Fortunately, the previous multilaboratory study has demonstrated (Zhao et al. 2015) that, if we apply critical calibration procedures for time, temperature, and radial magnification, these jointly improve the accuracy significantly. Similarly, the data from the present study show an order of magnitude improvement in precision across instruments in our laboratory when using the NISTmAb as a control. This molecule has potentially significant advantages for use as a control by avoiding uncontrolled vendor- or lot-dependent variation. In the current study, we have observed that the same NISTmAb sample can be resuspended and used for multiple experiments, which offers an additional benefit for the calibration experiments. Regarding the time correction, unfortunately, the independent scan time measurement has been disabled by the manufacturer’s design of the newest AUC model (Beckman Coulter Optima AUC), which strips the scan files of their metadata that enable error detection.

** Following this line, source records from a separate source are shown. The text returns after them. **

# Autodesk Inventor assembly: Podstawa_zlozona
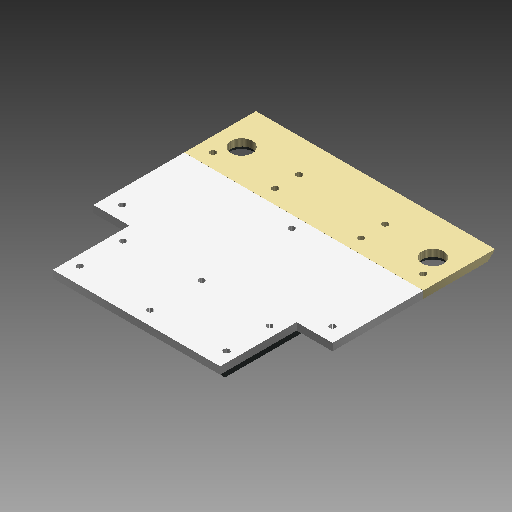
[picture p0: Inventor's stored thumbnail of the model, 512x512]
Saved by Autodesk Inventor 2017 (Build 210142000, 142)
## iProperties
Created: 2016-11-09
Part Number: Podstawa_zlozona
Document SubType Name: Assembly
Designer: Shichi
Author: Shichi
## Documents named in this file (4)
- C:\Users\Shichi\Desktop\TooStronk\Podstawy\Podstawa_zlozona.iam
- C:\Users\Shichi\Desktop\TooStronk\Podstawy\Podstawa.ipt
- C:\Users\Shichi\Desktop\TooStronk\Podstawy\Podstawa_Dolna.ipt
- C:\Users\Shichi\Desktop\TooStronk\Podstawy\Ostrze.ipt
## Components (3 placed, 3 different names)
1. Podstawa:1 — Insert:5, Insert:6, Insert:7, Insert:8
2. Podstawa_Dolna:1 — Insert:5, Insert:6
3. Ostrze:1 — Insert:7, Insert:8
## Relationships (4: Insert 4)
- Insert:5: Podstawa:1 ↔ Podstawa_Dolna:1
- Insert:6: Podstawa:1 ↔ Podstawa_Dolna:1
- Insert:7: Podstawa:1 ↔ Ostrze:1
- Insert:8: Podstawa:1 ↔ Ostrze:1
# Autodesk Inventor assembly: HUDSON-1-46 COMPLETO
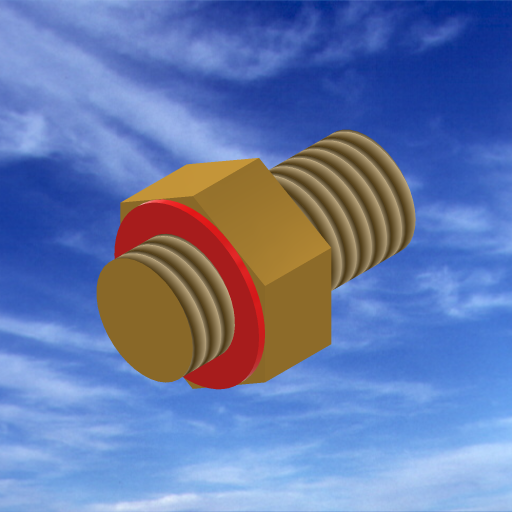
[picture p0: Inventor's stored thumbnail of the model, 512x512]
Saved by Autodesk Inventor 2024.2 (Build 282272000, 272)
## iProperties
Created: 2024-10-10
Part Number: HUDSON-1-46 COMPLETO
Document SubType Name: Assembly
Designer: Precisión-05
Author: Precisión-05
## Documents named in this file (3)
- C:\Users\Precisión-05\Desktop\LOCOMOTORA CABALLERO\HUDSON-1-46 COMPLETO.iam
- C:\Users\Precisión-05\Desktop\LOCOMOTORA CABALLERO\HUDSON-1-46-A.ipt
- C:\Users\Precisión-05\Desktop\LOCOMOTORA CABALLERO\Part8.ipt
## Components (2 placed, 2 different names)
1. HUDSON-1-46-A:1 — Rotational:1
2. Part8:1 — Rotational:1
## Relationships (1: RevoluteJoint 1)
- Rotational:1 [RevoluteJoint]: HUDSON-1-46-A:1 ↔ Part8:1

It is our hope that this will be changed in the future.

Finally, we note that the procedure for radial magnification measurement using a NIST calibrated reference window will be equally applicable to other optical systems for AUC that are currently being developed in different laboratories (Strauss et al. 2008; Pearson et al. 2017; Wawra et al. 2019). More generally, the calibration efforts described here are synergistic to improvements in the precision of SV through the development of cell alignment tools (Gabrielson et al. 2009; Doyle et al. 2017, 2020; Channell et al. 2018), which should also prove universally useful in AUC.